Seit vielen Jahren ist das Independent-Label Alles oder Nix Records eine feste Größe im deutschen Hiphop: Xatar, SSIO und Samy sorgen seit der Label-Gründung im Jahre 2007 für authentischen Rap.

Mit seinem Debütalbum "Alles oder Nix" schuf Xatar 2008 ein Gangsta-Rap-Epos, das den Grundstein für den renommierten AON-Label-Sound legte. Durch seine einzigartigen Boom Bap Vibes mit G-Funk- und Jazz-Anleihen konnte der AON-Sound längst die Grenzen Bonns durchbrechen und seinen wohlverdienten Platz im Deutschrap-Kosmos einnehmen.

Ein etwas stillerer Akteur darf mit Hinblick auf die Entwicklung dieses Sounds nicht unerwähnt bleiben: Es handelt sich um Xatars Jugendfreund und Produzenten Maestro, der seit Tag eins tatkräftig bei AON mitmischt. Maestro heißt bürgerlich Sahand Salami und ist heute 35 Jahre alt. Im Alter von 13 Jahren nahm er bereits Klavierunterricht, bevor er das erste Mal mit Produktionen von Timbaland, Dr. Dre und Needlz in Kontakt kam.

Durch einen befreundeten Kölner Produzenten motiviert, begann er im Jahre 2001, erste Beats mit FL Studio zu produzieren. Nachdem er sich seine Producing Skills über Jahre autodidaktisch angeeignet hatte, fragte er Xatar, ob er nicht einmal auf seine Beats rappen wolle – es war die Geburtsstunde des allseits bekannten und beliebten Sounds.

Sinnbildlich für den Maestro-Sound steht nach wie vor das Instrumental des Xatar-Tracks "Interpol.com": fette akustische Drums, subtil gewählte Percussions, sorgsam eingespielte Licks, die klassische Vine und ein organischer, düsterer Bass. Hinzu kommt eine derart böse Synkope (rhythmische Verschiebung), dass jeder, der es nicht fühlt, aus dem Takt fällt (im Video ab 0:53 Minuten).

Generell bezeichnet der AON-Producer Boom Bap als seine "erste Liebe", er sei aber für alles von Boom Bap bis "Boom Trap" offen. Maestro tritt zudem nicht nur als Beatproduzent in Erscheinung, sondern ist seit 2008 der Mixing Engineer des AON-Camps.

Alles oder Nix: Ein Jahrzehnt deutscher Gangsta-Rap

Am 14. September erscheint das neue Album vom Birra himself. Ungefähr zehn Jahre nach Xatars Debüt " Alles oder Nix", das damals das erste Release überhaupt auf dem Bonner Label war, steht der Nachfolger in den Startlöchern. Anlässlich dieser Fortsetzung ist es fast schon überfällig, auf über eine Dekade Alles oder Nix Records zurückzublicken.

Insbesondere beim Vocal Mix verlassen sich gerade Xatar und SSIO auf das Ohr des Produzenten. Es war übrigens auch Maestro, der die berühmten Vocal Parts, die während Xatars Haft unter widrigsten Bedingungen mit dem Diktiergerät aufgenommen wurden, in eine angemessene Form brachte. Das Ergebnis dieser Mixing-Arbeit ist auf "Nr. 415" verewigt.

Wer genau hingehört hat, weiß, dass Maestro sich um 2014 eine Auszeit genommen hat, weshalb er nicht auf Xatars Album "Baba aller Babas" vertreten ist. Zehn Jahre nach seinem Debütalbum steht Label-Boss Xatar mit "Alles oder Nix II" in den Startlöchern und kehrt dafür ganz zu seinen Wurzeln zurück – das Album wurde vollständig von seinem Wegbegleiter Maestro produziert.
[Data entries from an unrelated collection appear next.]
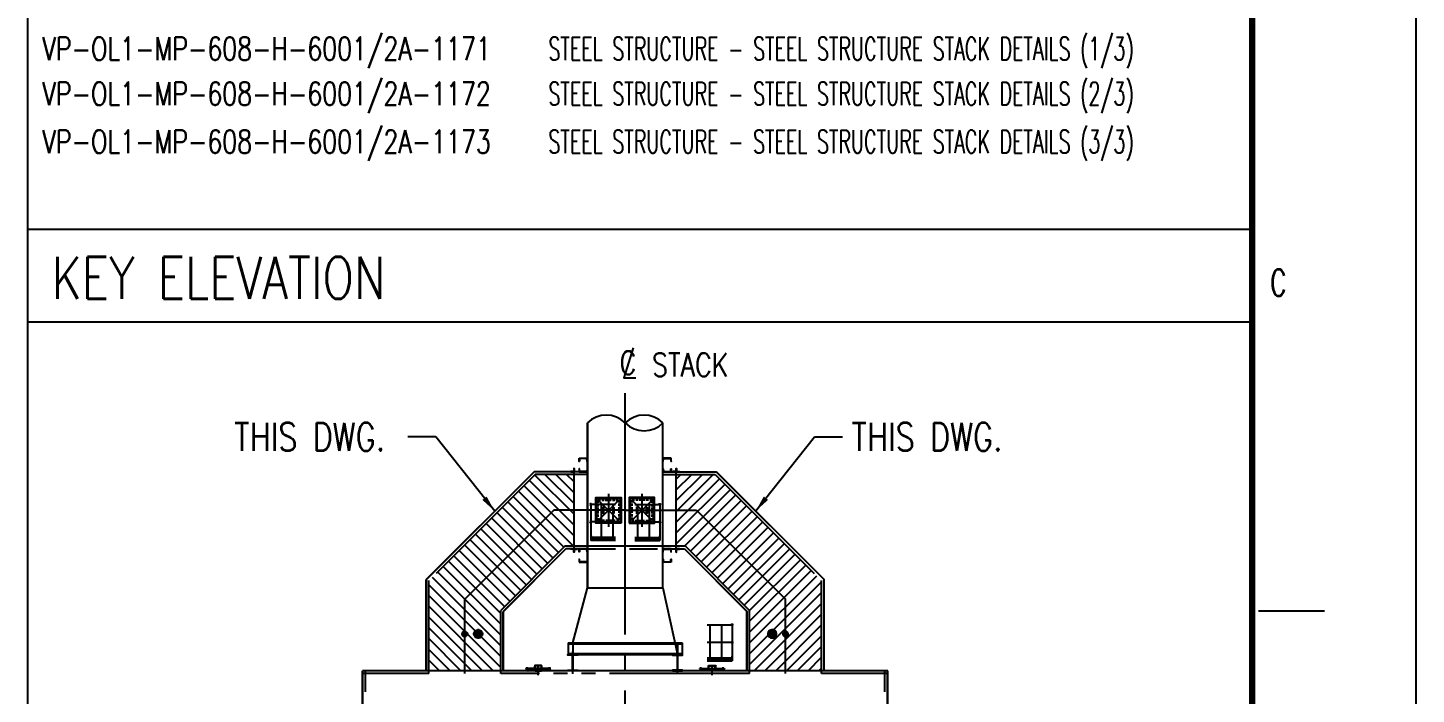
# Model space of a CAD drawing. Header units: millimetres. Extents: x 0 to 134087, y -49114 to 20834.
# Drawn here: x 24199 to 29435, y 12702 to 15214 of the extents above; entities that cross this region are included whole.
import ezdxf
from ezdxf.enums import TextEntityAlignment as Align

# ---------------------------------------------------------------- set-up
doc = ezdxf.new("R2010")
doc.units = ezdxf.units.MM
doc.header["$LTSCALE"] = 35
for name, pattern in [('JNK-CENTER', [34, 30, -1.5, 1, -1.5]), ('JNK-HIDDEN', [3, 2, -1]), ('JNK-PHANTOM', [15, 10, -1, 1, -1, 1, -1])]:
    doc.linetypes.add(name, pattern=pattern)
for name, color, linetype in [('CEN-R', 1, 'JNK-CENTER'), ('CON-C', 4, 'Continuous'), ('CON-G', 3, 'Continuous'), ('CON-W', 7, 'Continuous'), ('CON-Y', 2, 'Continuous'), ('Dim-W', 7, 'Continuous'), ('HID-Y', 2, 'JNK-HIDDEN'), ('MIS-B', 5, 'Continuous'), ('PHA-M', 6, 'JNK-PHANTOM'), ('TITLE', 7, 'Continuous'), ('TXT-C', 4, 'Continuous'), ('TXT-Y', 2, 'Continuous')]:
    doc.layers.add(name, color=color, linetype=linetype)
doc.layers.add('CONT-G', color=3, linetype='Continuous', lineweight=25)
doc.styles.add('ROMANS', font='ROMANS.shx', dxfattribs={"width": 0.8})
doc.styles.add('SIMPLEX', font='simplex.shx', dxfattribs={"width": 0.8})
doc.dimstyles.new('DIM25', dxfattribs={"dimscale": 25, "dimtxt": 2.5, "dimasz": 2.5, "dimexe": 1, "dimexo": 1, "dimgap": 1, "dimtad": 1, "dimdec": 1, "dimdsep": 46, "dimtxsty": 'SIMPLEX', "dimcen": 0, "dimclrt": 2, "dimazin": 2, "dimtfac": 1, "dimtdec": 1, "dimtix": 1, "dimtmove": 2, "dimatfit": 0, "dimfxl": 0.18, "dimtolj": 1, "dimtzin": 0, "dimarcsym": 0})

# ---------------------------------------------------------------- blocks, each defined once
blk = doc.blocks.new('TITLE')
at = {"color": 7}
for p, q in [((841, 0), (841, 594.85)), ((824.02, 371.87), (831.1, 371.87))]:
    blk.add_line(p, q, dxfattribs=at)
at = {"color": 7, "const_width": 0.707}
blk.add_lwpolyline([(823.32, 17.33), (823.32, 577.17)], dxfattribs=at)
at = {"color": 7, "style": 'ROMANS', "width": 0.7}
blk.add_text('C', height=2.83, dxfattribs=at).set_placement((826.15, 407.24), align=Align.MIDDLE)
blk = doc.blocks.new('cl-mark')
at = {"layer": 'CON-Y'}
blk.add_lwpolyline([(0.51, 1.61), (-0.51, -1.62), (0.79, -1.62)], dxfattribs=at)
at = {"layer": 'CON-Y', "style": 'SIMPLEX', "width": 0.8}
blk.add_text('C', height=2.5, dxfattribs=at).set_placement((-0.05, 0.02), align=Align.MIDDLE)
blk = doc.blocks.new('610mh-160f')
at = {"layer": 'CEN-R'}
for p, q in [((-15, 82), (-15, -82)), ((269, 0), (0, 0)), ((84, 100), (3, 100)), ((84, -100), (3, -100))]:
    blk.add_line(p, q, dxfattribs=at)
at = {"layer": 'CEN-R', "color": 1, "ltscale": 4}
for p, q in [((120, 335), (29, 335)), ((120, -335), (29, -335))]:
    blk.add_line(p, q, dxfattribs=at)
at = {"layer": 'CEN-R'}
for centre, start, end in [((3, 82), 90, 180), ((3, -82), 180, 270)]:
    blk.add_arc(centre, 18, start, end, dxfattribs=at)
at = {"layer": 'CONT-G'}
for p, q in [((-23, 82), (-23, -82)), ((-7, 82), (-7, -82)), ((65, 108), (3, 108)), ((65, 92), (3, 92)), ((65, 370), (65, -370)), ((73, 370), (65, 370)), ((71, 370), (71, -370)), ((77, 366), (77, -366)), ((132, 311), (86, 311)), ((136, 305), (136, 307)), ((65, -92), (3, -92)), ((65, -108), (3, -108)), ((73, -370), (65, -370)), ((132, -311), (86, -311)), ((136, -305), (136, -307))]:
    blk.add_line(p, q, dxfattribs=at)
for centre, radius, start, end in [((3, 82), 26, 90, 180), ((3, 82), 10, 90, 180), ((73, 366), 4, 0, 90), ((86, 320), 8.5, 180, 270), ((132, 307), 4, 0, 90), ((3, -82), 26, 180, 270), ((3, -82), 10, 180, 270), ((73, -366), 4, 270, 0), ((86, -319), 8.5, 90, 180), ((132, -307), 4, 270, 0)]:
    blk.add_arc(centre, radius, start, end, dxfattribs=at)
at = {"layer": 'Dim-W'}
blk.add_line((136, -97), (136, 97), dxfattribs=at)
at = {"layer": 'HID-Y'}
for p, q in [((71, 305), (136, 305)), ((71, -305), (136, -305))]:
    blk.add_line(p, q, dxfattribs=at)
blk = doc.blocks.new('PF HR')
at = {"layer": 'CON-G'}
for p, q in [((0, 1075), (0, 0)), ((-743, 25), (0, 25)), ((-743, 0), (0, 0)), ((-10, 140), (-10, 40))]:
    blk.add_line(p, q, dxfattribs=at)
for centre in [(0, 1075), (0, 550)]:
    blk.add_circle(centre, 21.4, dxfattribs=at)
at = {"layer": 'MIS-B', "color": 1}
for p, q in [((-743, 1075), (0, 1075)), ((-663, 1075), (-663, 0)), ((-317, 1075), (-317, 0)), ((-743, 550), (0, 550)), ((-743, 90), (0, 90))]:
    blk.add_line(p, q, dxfattribs=at)
blk = doc.blocks.new('MH-610-610')
at = {"layer": 'CEN-R'}
for p, q in [((0, -494), (0, 494)), ((-532, 0), (532, 0)), ((305, 305), (-305, -305)), ((-305, 305), (305, -305)), ((-150, 104), (-150, -104)), ((150, 104), (150, -104))]:
    blk.add_line(p, q, dxfattribs=at)
blk.add_lwpolyline([(-350, 350), (350, 350), (350, -350), (-350, -350)], close=True, dxfattribs=at)
at = {"layer": 'CON-G'}
blk.add_lwpolyline([(-380, 380), (380, 380), (380, -380), (-380, -380)], close=True, dxfattribs=at)
for points in [[(-158, -80), (-158, 80, -1), (-142, 80), (-142, -80, -1)], [(158, -80), (158, 80, 1), (142, 80), (142, -80, 1)]]:
    blk.add_lwpolyline(points, format="xyb", close=True, dxfattribs=at)
at = {"layer": 'HID-Y'}
blk.add_lwpolyline([(-305, 305), (305, 305), (305, -305), (-305, -305)], close=True, dxfattribs=at)
blk = doc.blocks.new('A$C28B160F5')
at = {"layer": 'CEN-R'}
for p, q in [((150, 0), (-150, 0)), ((-77, 32), (-108, 45)), ((-48, 0), (48, 0)), ((-32, 77), (-45, 108)), ((0, 150), (0, -150)), ((0, -42), (0, 48)), ((32, 77), (45, 108)), ((77, 32), (108, 45)), ((-77, -32), (-108, -45)), ((-32, -77), (-45, -108)), ((32, -77), (45, -108)), ((77, -32), (108, -45))]:
    blk.add_line(p, q, dxfattribs=at)
blk.add_circle((0, 0), 100, dxfattribs=at)
at = {"layer": 'TITLE', "color": 3}
for centre, radius in [((0, 0), 127), ((-92, 38), 11), ((0, 0), 51.1), ((-38, 92), 11), ((38, 92), 11), ((92, 38), 11), ((-92, -38), 11), ((-38, -92), 11), ((38, -92), 11), ((92, -38), 11)]:
    blk.add_circle(centre, radius, dxfattribs=at)
blk = doc.blocks.new('N-FLG 1.50 300 WNRF')
at = {"layer": 'CEN-R'}
for p, q in [((98, 0), (-98, 0)), ((-30, 30), (-50, 50)), ((0, -98), (0, 98)), ((30, 30), (50, 50)), ((-30, -30), (-50, -50)), ((30, -30), (50, -50))]:
    blk.add_line(p, q, dxfattribs=at)
blk.add_circle((0, 0), 57.1, dxfattribs=at)
at = {"layer": 'CON-Y'}
for centre, radius in [((0, 0), 78), ((-40, 40), 9.5), ((0, 0), 20.4), ((40, 40), 9.5), ((-40, -40), 9.5), ((40, -40), 9.5)]:
    blk.add_circle(centre, radius, dxfattribs=at)
blk = doc.blocks.new('A$C6CE22A10')
at = {"layer": 'CON-G'}
blk.add_blockref('N-FLG 1.50 300 WNRF', (0, 0), dxfattribs=at)
blk = doc.blocks.new('A$C4C2D22EB')
at = {"layer": 'Dim-W', "ltscale": 0.5}
h = blk.add_hatch(dxfattribs=at)
h.set_pattern_fill('ANSI31', color=256, scale=6, angle=90)
h.paths.add_polyline_path([(-150.7, 1410.5), (-127.7, 1410.5), (-127.7, 1500.2), (-178.4, 1500.2), (-400.8, 1277.9), (-400.8, 1197.8, -0.414214), (-394.3, 1191.3, -0.414214), (-400.8, 1184.8), (-400.8, 1183.1), (-400.8, 1099.5), (-311, 1099.5), (-311, 1250.1)], flags=17)
h.paths.add_polyline_path([(-356.8, 1191.3, -1), (-378, 1191.3, -1)], flags=16)
h.paths.add_polyline_path([(-358.8, 1187.8), (-359.7, 1188.1, -0.027521), (-360.1, 1187.3, 0.430424)], flags=0)
h.paths.add_polyline_path([(-363.1, 1191.3, -1), (-371.6, 1191.3, -1)], flags=0)
h.paths.add_polyline_path([(-363.3, 1199, -1), (-365.1, 1199, -1)], flags=0)
h.paths.add_polyline_path([(-360.6, 1194.5, -1), (-358.7, 1194.5, -1)], flags=0)
h.paths.add_polyline_path([(-369.7, 1199, -1), (-371.5, 1199, -1)], flags=0)
h.paths.add_polyline_path([(-374.2, 1194.1), (-375.9, 1194.8, 1)], flags=0)
h.paths.add_polyline_path([(-363.3, 1183.6, -1), (-365.1, 1183.6, -1)], flags=0)
h.paths.add_polyline_path([(-376, 1188.1, -1), (-374.2, 1188.1, -1)], flags=0)
h.paths.add_polyline_path([(-369.7, 1183.6, -1), (-371.5, 1183.6, -1)], flags=0)
h.paths.add_polyline_path([(-127.7, 1590), (-225, 1590), (-490.5, 1324.5), (-490.5, 1099.5), (-400.8, 1099.5), (-400.8, 1184.8, -0.414214), (-407.3, 1191.3, -0.414214), (-400.8, 1197.8), (-400.8, 1199.5), (-400.8, 1277.9), (-178.4, 1500.2), (-127.7, 1500.2)])
h = blk.add_hatch(dxfattribs=at)
h.set_pattern_fill('ANSI31', color=256, scale=6)
h.paths.add_polyline_path([(150.7, 1410.5), (127.7, 1410.5), (127.7, 1500.2), (178.4, 1500.2), (400.8, 1277.9), (400.8, 1197.8, 0.414214), (394.3, 1191.3, 0.414214), (400.8, 1184.8), (400.8, 1183.1), (400.8, 1099.5), (311, 1099.5), (311, 1250.1)], flags=17)
h.paths.add_polyline_path([(356.8, 1191.3, 1), (378, 1191.3, 1)], flags=16)
h.paths.add_polyline_path([(358.8, 1187.8), (359.7, 1188.1, 0.027521), (360.1, 1187.3, -0.430424)], flags=0)
h.paths.add_polyline_path([(363.1, 1191.3, 1), (371.6, 1191.3, 1)], flags=0)
h.paths.add_polyline_path([(363.3, 1199, 1), (365.1, 1199, 1)], flags=0)
h.paths.add_polyline_path([(360.6, 1194.5, 1), (358.7, 1194.5, 1)], flags=0)
h.paths.add_polyline_path([(369.7, 1199, 1), (371.5, 1199, 1)], flags=0)
h.paths.add_polyline_path([(374.2, 1194.1), (375.9, 1194.8, -1)], flags=0)
h.paths.add_polyline_path([(363.3, 1183.6, 1), (365.1, 1183.6, 1)], flags=0)
h.paths.add_polyline_path([(376, 1188.1, 1), (374.2, 1188.1, 1)], flags=0)
h.paths.add_polyline_path([(369.7, 1183.6, 1), (371.5, 1183.6, 1)], flags=0)
h.paths.add_polyline_path([(127.7, 1590), (225, 1590), (490.5, 1324.5), (490.5, 1099.5), (400.8, 1099.5), (400.8, 1184.8, 0.414214), (407.3, 1191.3, 0.414214), (400.8, 1197.8), (400.8, 1199.5), (400.8, 1277.9), (178.4, 1500.2), (127.7, 1500.2)])
at = {"layer": 'CEN-R'}
for p, q in [((0, 0), (0, 1793.3)), ((-178.4, 1500.2), (-400.8, 1277.9)), ((0, 1500.2), (-178.4, 1500.2)), ((0, 1500.2), (178.4, 1500.2)), ((178.4, 1500.2), (400.8, 1277.9)), ((-400.8, 1092.7), (-400.8, 1277.9)), ((400.8, 1092.7), (400.8, 1277.9)), ((-131.1, 1091.6), (-131.1, 1147.1)), ((131.1, 1091.6), (131.1, 1147.1))]:
    blk.add_line(p, q, dxfattribs=at)
at = {"layer": 'CON-G'}
for p, q in [((-94.3, 1306.7), (-94.3, 1718.6)), ((-93.5, 1306.7), (-93.5, 1718.6)), ((94.3, 1306.7), (94.3, 1718.6)), ((-227.8, 1596.7), (-497.2, 1327.3)), ((-227.6, 1596.2), (-496.8, 1327.1)), ((-94.3, 1596.7), (-227.8, 1596.7)), ((-94.3, 1596.2), (-227.6, 1596.2)), ((-127.7, 1403.8), (-127.7, 1596.7)), ((94.3, 1596.7), (227.8, 1596.7)), ((94.3, 1596.2), (227.6, 1596.2)), ((127.7, 1403.8), (127.7, 1596.7)), ((227.6, 1596.2), (496.8, 1327.1)), ((227.8, 1596.7), (497.2, 1327.3)), ((-148.1, 1404.2), (-304.8, 1247.5)), ((-147.9, 1403.8), (-304.3, 1247.4)), ((-94.3, 1404.2), (-148.1, 1404.2)), ((-94.3, 1403.8), (-147.9, 1403.8)), ((94.3, 1404.2), (148.1, 1404.2)), ((94.3, 1403.8), (147.9, 1403.8)), ((147.9, 1403.8), (304.3, 1247.4)), ((148.1, 1404.2), (304.8, 1247.5)), ((-497.2, 1099), (-497.2, 1327.3)), ((-496.8, 1099), (-496.8, 1327.1)), ((496.8, 1099), (496.8, 1327.1)), ((497.2, 1099), (497.2, 1327.3)), ((-131.1, 1168.9), (-94.3, 1306.7)), ((-94.3, 1306.7), (94.3, 1306.7)), ((94.3, 1306.7), (131.1, 1139.7)), ((-304.8, 1099.5), (-304.8, 1247.5)), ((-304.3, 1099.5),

Nach "Status Quo" folgte die Video-Single "Balla", für die Xatar KMN-Member Azet ans Mic gebeten hat. Mit 808-Bässen, langsamerem Tempo, Hihat Rolls und Autotune-Einsatz zeigt der Track deutliche Trap-Einflüsse. Laut Maestro können wir uns jedoch auf eine gesunde Mischung aus klassischem AON-Sound im Stile der ersten Xatar-Platte und moderneren Einflüssen freuen. "Alles oder Nix II" wird am 14. September 2018 erscheinen und sicher nicht das Einzige bleiben, was wir von diesem Duo in näherer Zukunft auf die Ohren bekommen.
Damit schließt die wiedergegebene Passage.